Sama-sama jadi juara, samakah perlakuan yang diterima Anies usai menang dalam gelaran Pilkada DKI 2017? Alhamdulillah, usai pasangan Anies-Sandi dinobatkan sebagai pemenang dalam hitung cepat, dengan gentleman, Ahok-Djarot segera menyampaikan ucapan selamat.

Jelas itu menjadi catatan tersendiri dan patut diapresiasi. Namun ternyata, ada saja pihak-pihak yang belum ikhlas menerima kenyataan saat harus menelan pil pahit bernama kekalahan. Tapi sudahlah, anggap saja pil pahit itu sebagai obat yang akan menyehatkan proses demokrasi kita.

Sekarang, mari kita tengok di kubu sebelah. Belum juga bisa tidur nyenyak sejak euforia pesta kemenangan dicecap, Anies-Sandi sudah dihadapkan dengan limpahan masalah ibu kota yang bisa dibilang terlalu prematur diarahkan pada keduanya.

Masalah reklamasi misalnya, yang kini menjadi begitu seksi dimainkan untuk mengorek-orek janji kampanye sang penantang petahana. Logikanya, bagaimana mungkin proyek yang sudah diambil alih oleh pemerintah pusat dan ada dasar hukumnya, yaitu Kepres Nomor 52 Tahun 1995 itu bisa serta merta dibatalkan oleh Gubernur DKI mendatang?

Masalah lain yang mengemuka adalah RPTRA Kalijodo yang diisukan kembali dikuasai para preman Kalijodo. Anies-Sandi pun dituding jadi penyebabnya hanya karena Anies pernah foto bareng dengan Daeng Aziz -tokoh sentral di kawasan Kalijodo- saat acara dukungan kepada paslon Anies-Sandi.
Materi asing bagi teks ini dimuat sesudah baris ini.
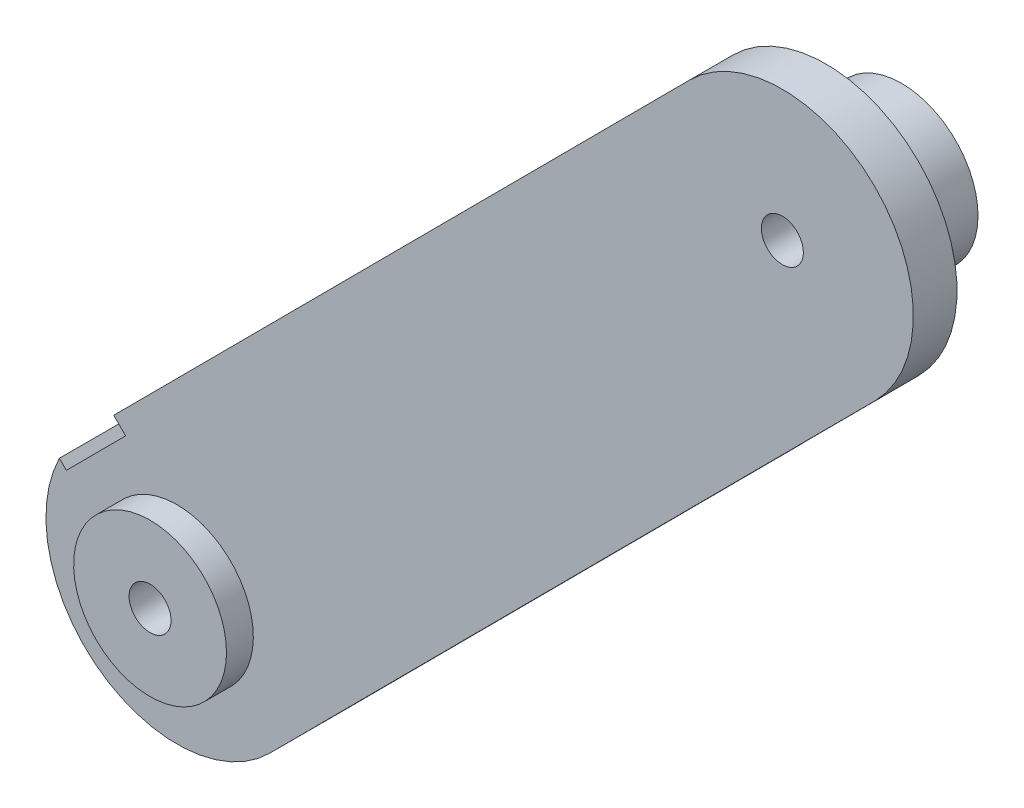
ISO-10303-21;
HEADER;
FILE_DESCRIPTION(('STEP AP214'),'2;1');
FILE_NAME('part.step','',(''),(''),'','','');
FILE_SCHEMA(('AUTOMOTIVE_DESIGN { 1 0 10303 214 1 1 1 1 }'));
ENDSEC;
DATA;
#1=APPLICATION_CONTEXT('core data for automotive mechanical design processes');
#2=APPLICATION_PROTOCOL_DEFINITION('international standard','automotive_design',2000,#1);
#3=PRODUCT_CONTEXT('',#1,'mechanical');
#4=PRODUCT('Part','Part','',(#3));
#5=PRODUCT_RELATED_PRODUCT_CATEGORY('part','',(#4));
#6=PRODUCT_DEFINITION_FORMATION('','',#4);
#7=PRODUCT_DEFINITION_CONTEXT('part definition',#1,'design');
#8=PRODUCT_DEFINITION('design','',#6,#7);
#9=PRODUCT_DEFINITION_SHAPE('','',#8);
#10=(LENGTH_UNIT() NAMED_UNIT(*) SI_UNIT(.MILLI.,.METRE.));
#11=(NAMED_UNIT(*) PLANE_ANGLE_UNIT() SI_UNIT($,.RADIAN.));
#12=(NAMED_UNIT(*) SI_UNIT($,.STERADIAN.) SOLID_ANGLE_UNIT());
#13=UNCERTAINTY_MEASURE_WITH_UNIT(LENGTH_MEASURE(1.E-05),#10,'distance_accuracy_value','');
#14=(GEOMETRIC_REPRESENTATION_CONTEXT(3) GLOBAL_UNCERTAINTY_ASSIGNED_CONTEXT((#13)) GLOBAL_UNIT_ASSIGNED_CONTEXT((#10,
#11,#12)) REPRESENTATION_CONTEXT('',''));
#15=CARTESIAN_POINT('',(0.,0.,0.));
#16=DIRECTION('',(0.,0.,1.));
#17=DIRECTION('',(1.,0.,0.));
#18=AXIS2_PLACEMENT_3D('',#15,#16,#17);
#19=CARTESIAN_POINT('',(88.4066610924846,19.98499077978,4.4196));
#20=DIRECTION('',(0.,0.,1.));
#21=DIRECTION('',(0.708586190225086,-0.705624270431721,0.));
#22=AXIS2_PLACEMENT_3D('',#19,#20,#21);
#23=PLANE('',#22);
#24=CARTESIAN_POINT('',(91.8389073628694,19.9921791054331,4.4196));
#25=DIRECTION('',(0.,0.,-1.));
#26=DIRECTION('',(-1.,0.,0.));
#27=AXIS2_PLACEMENT_3D('',#24,#25,#26);
#28=CIRCLE('',#27,0.634999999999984);
#29=CARTESIAN_POINT('',(91.3908359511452,19.5422268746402,4.4196));
#30=VERTEX_POINT('',#29);
#31=EDGE_CURVE('E10',#30,#30,#28,.T.);
#32=ORIENTED_EDGE('',*,*,#31,.T.);
#33=EDGE_LOOP('',(#32));
#34=FACE_BOUND('',#33,.T.);
#35=CARTESIAN_POINT('',(91.8389073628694,19.9921791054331,4.41960000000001));
#36=DIRECTION('',(0.,0.,-1.));
#37=DIRECTION('',(-1.,0.,0.));
#38=AXIS2_PLACEMENT_3D('',#35,#36,#37);
#39=CIRCLE('',#38,2.3114);
#40=CARTESIAN_POINT('',(90.2079274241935,18.3543529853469,4.4196));
#41=VERTEX_POINT('',#40);
#42=EDGE_CURVE('E25',#41,#41,#39,.T.);
#43=ORIENTED_EDGE('',*,*,#42,.F.);
#44=EDGE_LOOP('',(#43));
#45=FACE_BOUND('',#44,.T.);
#46=ADVANCED_FACE('F15',(#34,#45),#23,.T.);
#47=CARTESIAN_POINT('',(91.8389073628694,19.9921791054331,0.));
#48=DIRECTION('',(0.,0.,1.));
#49=DIRECTION('',(1.,0.,0.));
#50=AXIS2_PLACEMENT_3D('',#47,#48,#49);
#51=CYLINDRICAL_SURFACE('',#50,2.3114);
#52=CARTESIAN_POINT('',(91.8389073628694,19.9921791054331,3.6068));
#53=DIRECTION('',(0.,0.,-1.));
#54=DIRECTION('',(-1.,0.,0.));
#55=AXIS2_PLACEMENT_3D('',#52,#53,#54);
#56=CIRCLE('',#55,2.31140000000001);
#57=CARTESIAN_POINT('',(90.2079274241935,18.3543529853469,3.6068));
#58=VERTEX_POINT('',#57);
#59=EDGE_CURVE('E223',#58,#58,#56,.T.);
#60=ORIENTED_EDGE('',*,*,#59,.F.);
#61=DIRECTION('',(0.,0.,-1.));
#62=VECTOR('',#61,1.);
#63=CARTESIAN_POINT('',(90.2079274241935,18.3543529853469,4.0132));
#64=LINE('',#63,#62);
#65=EDGE_CURVE('E216',#41,#58,#64,.T.);
#66=ORIENTED_EDGE('',*,*,#65,.F.);
#67=ORIENTED_EDGE('',*,*,#42,.T.);
#68=ORIENTED_EDGE('',*,*,#65,.T.);
#69=EDGE_LOOP('',(#60,#66,#67,#68));
#70=FACE_BOUND('',#69,.T.);
#71=ADVANCED_FACE('F210',(#70),#51,.T.);
#72=CARTESIAN_POINT('',(110.597995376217,44.7262353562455,3.6068));
#73=DIRECTION('',(0.,0.,1.));
#74=DIRECTION('',(-0.705624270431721,-0.708586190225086,0.));
#75=AXIS2_PLACEMENT_3D('',#72,#73,#74);
#76=PLANE('',#75);
#77=CARTESIAN_POINT('',(110.152482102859,38.3826266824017,3.6068));
#78=DIRECTION('',(0.,0.,-1.));
#79=DIRECTION('',(-1.,0.,0.));
#80=AXIS2_PLACEMENT_3D('',#77,#78,#79);
#81=CIRCLE('',#80,0.634999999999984);
#82=CARTESIAN_POINT('',(109.704410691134,37.9326744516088,3.6068));
#83=VERTEX_POINT('',#82);
#84=EDGE_CURVE('E218',#83,#83,#81,.T.);
#85=ORIENTED_EDGE('',*,*,#84,.T.);
#86=EDGE_LOOP('',(#85));
#87=FACE_BOUND('',#86,.T.);
#88=ORIENTED_EDGE('',*,*,#59,.T.);
#89=EDGE_LOOP('',(#88));
#90=FACE_BOUND('',#89,.T.);
#91=DIRECTION('',(0.708586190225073,-0.705624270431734,0.));
#92=VECTOR('',#91,1.);
#93=CARTESIAN_POINT('',(90.1073291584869,23.508820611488,3.6068));
#94=LINE('',#93,#92);
#95=CARTESIAN_POINT('',(89.9273482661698,23.6880491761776,3.6068));
#96=VERTEX_POINT('',#95);
#97=CARTESIAN_POINT('',(90.2873100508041,23.3295920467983,3.6068));
#98=VERTEX_POINT('',#97);
#99=EDGE_CURVE('E226',#96,#98,#94,.T.);
#100=ORIENTED_EDGE('',*,*,#99,.T.);
#101=DIRECTION('',(-0.70562427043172,-0.708586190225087,0.));
#102=VECTOR('',#101,1.);
#103=CARTESIAN_POINT('',(89.3911672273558,22.4296875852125,3.6068));
#104=LINE('',#103,#102);
#105=CARTESIAN_POINT('',(88.4950244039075,21.5297831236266,3.6068));
#106=VERTEX_POINT('',#105);
#107=EDGE_CURVE('E229',#98,#106,#104,.T.);
#108=ORIENTED_EDGE('',*,*,#107,.T.);
#109=DIRECTION('',(-0.708586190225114,0.705624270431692,0.));
#110=VECTOR('',#109,1.);
#111=CARTESIAN_POINT('',(88.3891048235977,21.6352599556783,3.6068));
#112=LINE('',#111,#110);
#113=CARTESIAN_POINT('',(88.2831852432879,21.74073678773,3.6068));
#114=VERTEX_POINT('',#113);
#115=EDGE_CURVE('E232',#106,#114,#112,.T.);
#116=ORIENTED_EDGE('',*,*,#115,.T.);
#117=CARTESIAN_POINT('',(91.8389073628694,19.9921791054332,3.6068));
#118=DIRECTION('',(0.,0.,1.));
#119=DIRECTION('',(1.,0.,0.));
#120=AXIS2_PLACEMENT_3D('',#117,#118,#119);
#121=CIRCLE('',#120,3.96240000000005);
#122=CARTESIAN_POINT('',(94.6466092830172,17.1962134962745,3.6068));
#123=VERTEX_POINT('',#122);
#124=EDGE_CURVE('E235',#114,#123,#121,.T.);
#125=ORIENTED_EDGE('',*,*,#124,.T.);
#126=DIRECTION('',(-0.705624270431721,-0.708586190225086,0.));
#127=VECTOR('',#126,1.);
#128=CARTESIAN_POINT('',(103.803396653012,26.3914372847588,3.6068));
#129=LINE('',#128,#127);
#130=CARTESIAN_POINT('',(112.960184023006,35.5866610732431,3.6068));
#131=VERTEX_POINT('',#130);
#132=EDGE_CURVE('E276',#131,#123,#129,.T.);
#133=ORIENTED_EDGE('',*,*,#132,.F.);
#134=CARTESIAN_POINT('',(110.152482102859,38.3826266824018,3.6068));
#135=DIRECTION('',(0.,0.,1.));
#136=DIRECTION('',(1.,0.,0.));
#137=AXIS2_PLACEMENT_3D('',#134,#135,#136);
#138=CIRCLE('',#137,3.96239999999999);
#139=CARTESIAN_POINT('',(107.344780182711,41.1785922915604,3.6068));
#140=VERTEX_POINT('',#139);
#141=EDGE_CURVE('E238',#131,#140,#138,.T.);
#142=ORIENTED_EDGE('',*,*,#141,.T.);
#143=DIRECTION('',(-0.705624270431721,-0.708586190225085,0.));
#144=VECTOR('',#143,1.);
#145=CARTESIAN_POINT('',(98.6360642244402,32.433320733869,3.6068));
#146=LINE('',#145,#144);
#147=EDGE_CURVE('E241',#140,#96,#146,.T.);
#148=ORIENTED_EDGE('',*,*,#147,.T.);
#149=EDGE_LOOP('',(#100,#108,#116,#125,#133,#142,#148));
#150=FACE_BOUND('',#149,.T.);
#151=ADVANCED_FACE('F305',(#87,#90,#150),#76,.T.);
#152=CARTESIAN_POINT('',(90.2873100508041,23.3295920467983,1.3208));
#153=DIRECTION('',(-0.705624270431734,-0.708586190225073,0.));
#154=DIRECTION('',(0.,0.,1.));
#155=AXIS2_PLACEMENT_3D('',#152,#153,#154);
#156=PLANE('',#155);
#157=ORIENTED_EDGE('',*,*,#99,.F.);
#158=DIRECTION('',(0.,0.,1.));
#159=VECTOR('',#158,1.);
#160=CARTESIAN_POINT('',(89.9273482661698,23.6880491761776,2.4638));
#161=LINE('',#160,#159);
#162=CARTESIAN_POINT('',(89.9273482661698,23.6880491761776,1.3208));
#163=VERTEX_POINT('',#162);
#164=EDGE_CURVE('E247',#163,#96,#161,.T.);
#165=ORIENTED_EDGE('',*,*,#164,.F.);
#166=DIRECTION('',(-0.708586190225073,0.705624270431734,0.));
#167=VECTOR('',#166,1.);
#168=CARTESIAN_POINT('',(90.1073291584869,23.508820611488,1.3208));
#169=LINE('',#168,#167);
#170=CARTESIAN_POINT('',(90.2873100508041,23.3295920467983,1.3208));
#171=VERTEX_POINT('',#170);
#172=EDGE_CURVE('E145',#171,#163,#169,.T.);
#173=ORIENTED_EDGE('',*,*,#172,.F.);
#174=DIRECTION('',(0.,0.,1.));
#175=VECTOR('',#174,1.);
#176=CARTESIAN_POINT('',(90.2873100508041,23.3295920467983,2.4638));
#177=LINE('',#176,#175);
#178=EDGE_CURVE('E244',#171,#98,#177,.T.);
#179=ORIENTED_EDGE('',*,*,#178,.T.);
#180=EDGE_LOOP('',(#157,#165,#173,#179));
#181=FACE_BOUND('',#180,.T.);
#182=ADVANCED_FACE('F311',(#181),#156,.T.);
#183=CARTESIAN_POINT('',(89.0312054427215,22.7881447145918,3.6068));
#184=DIRECTION('',(-0.708586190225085,0.705624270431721,0.));
#185=DIRECTION('',(0.705624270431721,0.708586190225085,0.));
#186=AXIS2_PLACEMENT_3D('',#183,#184,#185);
#187=PLANE('',#186);
#188=ORIENTED_EDGE('',*,*,#164,.T.);
#189=ORIENTED_EDGE('',*,*,#147,.F.);
#190=DIRECTION('',(0.,0.,1.));
#191=VECTOR('',#190,1.);
#192=CARTESIAN_POINT('',(107.344780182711,41.1785922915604,2.9464));
#193=LINE('',#192,#191);
#194=CARTESIAN_POINT('',(107.344780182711,41.1785922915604,2.286));
#195=VERTEX_POINT('',#194);
#196=EDGE_CURVE('E260',#195,#140,#193,.T.);
#197=ORIENTED_EDGE('',*,*,#196,.F.);
#198=DIRECTION('',(-0.705624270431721,-0.708586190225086,0.));
#199=VECTOR('',#198,1.);
#200=CARTESIAN_POINT('',(105.373265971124,39.1988024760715,2.286));
#201=LINE('',#200,#199);
#202=CARTESIAN_POINT('',(103.401751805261,37.2190126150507,2.286));
#203=VERTEX_POINT('',#202);
#204=EDGE_CURVE('E249',#195,#203,#201,.T.);
#205=ORIENTED_EDGE('',*,*,#204,.T.);
#206=CARTESIAN_POINT('',(103.401751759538,37.2190126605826,1.52400000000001));
#207=DIRECTION('',(0.708586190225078,-0.705624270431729,0.));
#208=DIRECTION('',(0.705624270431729,0.708586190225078,0.));
#209=AXIS2_PLACEMENT_3D('',#206,#207,#208);
#210=CIRCLE('',#209,0.761999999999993);
#211=CARTESIAN_POINT('',(102.864066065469,36.6790699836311,1.524));
#212=VERTEX_POINT('',#211);
#213=EDGE_CURVE('E252',#203,#212,#210,.T.);
#214=ORIENTED_EDGE('',*,*,#213,.T.);
#215=DIRECTION('',(0.,0.,-1.));
#216=VECTOR('',#215,1.);
#217=CARTESIAN_POINT('',(102.864066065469,36.6790699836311,1.4224));
#218=LINE('',#217,#216);
#219=CARTESIAN_POINT('',(102.864066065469,36.6790699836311,1.3208));
#220=VERTEX_POINT('',#219);
#221=EDGE_CURVE('E255',#212,#220,#218,.T.);
#222=ORIENTED_EDGE('',*,*,#221,.T.);
#223=DIRECTION('',(0.705624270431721,0.708586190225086,0.));
#224=VECTOR('',#223,1.);
#225=CARTESIAN_POINT('',(96.3957071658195,30.1835595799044,1.3208));
#226=LINE('',#225,#224);
#227=EDGE_CURVE('E149',#163,#220,#226,.T.);
#228=ORIENTED_EDGE('',*,*,#227,.F.);
#229=EDGE_LOOP('',(#188,#189,#197,#205,#214,#222,#228));
#230=FACE_BOUND('',#229,.T.);
#231=ADVANCED_FACE('F315',(#230),#187,.T.);
#232=CARTESIAN_POINT('',(110.152482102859,38.3826266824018,3.6068));
#233=DIRECTION('',(0.,0.,-1.));
#234=DIRECTION('',(0.,1.,0.));
#235=AXIS2_PLACEMENT_3D('',#232,#233,#234);
#236=CYLINDRICAL_SURFACE('',#235,3.96239999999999);
#237=CARTESIAN_POINT('',(110.152482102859,38.3826266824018,2.286));
#238=DIRECTION('',(0.,0.,1.));
#239=DIRECTION('',(1.,0.,0.));
#240=AXIS2_PLACEMENT_3D('',#237,#238,#239);
#241=CIRCLE('',#240,3.96239999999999);
#242=CARTESIAN_POINT('',(112.960184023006,35.5866610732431,2.286));
#243=VERTEX_POINT('',#242);
#244=EDGE_CURVE('E258',#243,#195,#241,.T.);
#245=ORIENTED_EDGE('',*,*,#244,.T.);
#246=ORIENTED_EDGE('',*,*,#196,.T.);
#247=ORIENTED_EDGE('',*,*,#141,.F.);
#248=DIRECTION('',(0.,0.,1.));
#249=VECTOR('',#248,1.);
#250=CARTESIAN_POINT('',(112.960184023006,35.5866610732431,2.9464));
#251=LINE('',#250,#249);
#252=EDGE_CURVE('E274',#243,#131,#251,.T.);
#253=ORIENTED_EDGE('',*,*,#252,.F.);
#254=EDGE_LOOP('',(#245,#246,#247,#253));
#255=FACE_BOUND('',#254,.T.);
#256=ADVANCED_FACE('F329',(#255),#236,.T.);
#257=CARTESIAN_POINT('',(116.07845174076,38.4372457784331,2.286));
#258=DIRECTION('',(0.,0.,-1.));
#259=DIRECTION('',(-0.70562427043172,-0.708586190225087,0.));
#260=AXIS2_PLACEMENT_3D('',#257,#258,#259);
#261=PLANE('',#260);
#262=CARTESIAN_POINT('',(110.152482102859,38.3826266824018,2.286));
#263=DIRECTION('',(0.,0.,-1.));
#264=DIRECTION('',(-1.,0.,0.));
#265=AXIS2_PLACEMENT_3D('',#262,#263,#264);
#266=CIRCLE('',#265,3.07340000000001);
#267=CARTESIAN_POINT('',(112.321147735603,40.5603954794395,2.286));
#268=VERTEX_POINT('',#267);
#269=EDGE_CURVE('E179',#268,#268,#266,.T.);
#270=ORIENTED_EDGE('',*,*,#269,.F.);
#271=EDGE_LOOP('',(#270));
#272=FACE_BOUND('',#271,.T.);
#273=DIRECTION('',(0.708586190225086,-0.70562427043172,0.));
#274=VECTOR('',#273,1.);
#275=CARTESIAN_POINT('',(106.209453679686,34.423047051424,2.286));
#276=LINE('',#275,#274);
#277=CARTESIAN_POINT('',(109.017155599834,31.6270814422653,2.286));
#278=VERTEX_POINT('',#277);
#279=EDGE_CURVE('E265',#203,#278,#276,.T.);
#280=ORIENTED_EDGE('',*,*,#279,.F.);
#281=ORIENTED_EDGE('',*,*,#204,.F.);
#282=ORIENTED_EDGE('',*,*,#244,.F.);
#283=DIRECTION('',(0.70562427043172,0.708586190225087,0.));
#284=VECTOR('',#283,1.);
#285=CARTESIAN_POINT('',(110.98866981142,33.6068712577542,2.286));
#286=LINE('',#285,#284);
#287=EDGE_CURVE('E271',#278,#243,#286,.T.);
#288=ORIENTED_EDGE('',*,*,#287,.F.);
#289=EDGE_LOOP('',(#280,#281,#282,#288));
#290=FACE_BOUND('',#289,.T.);
#291=ADVANCED_FACE('F325',(#272,#290),#261,.T.);
#292=CARTESIAN_POINT('',(103.401751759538,37.2190126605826,1.52400000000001));
#293=DIRECTION('',(0.708586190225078,-0.705624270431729,0.));
#294=DIRECTION('',(0.705624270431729,0.708586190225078,0.));
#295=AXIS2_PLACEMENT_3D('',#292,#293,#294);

Sungguh tuduhan yang naif dan mengada-ada, gubernur yang baru saja terpilih dan bahkan belum juga menjabat bisa tiba-tiba jadi biang keladinya. Padahal menurut pengelolanya, mereka adalah warga Kalijodo yang sengaja dilibatkan oleh pengembang untuk ikut membantu keamanan di wilayah tersebut.

Belum lagi program rumah DP 0 rupiah, penutupan Alexis, program transportasi terintegrasi dengan biaya Rp 5. 000, menciptakan pengusaha baru dengan program OK OCE, dan penataan daerah kumuh untuk menggantikan penggusuran.

Tanpa ampun, banyak pihak yang langsung mencibir, bahkan skeptis dan apriori, serta menganggapnya sebagai program yang mengawang-awang. Padahal, sekali lagi, Anies-Sandi belum mulai menjabat.

Mari gunakan akal sehat, beri kesempatan bagi keduanya untuk menunjukkan kinerjanya. Jangan ada syak wasangka. Biarkan gubernur dan wakil gubernur pilihan warga Jakarta itu merealisasikan janji-janjinya dengan cara mereka sendiri.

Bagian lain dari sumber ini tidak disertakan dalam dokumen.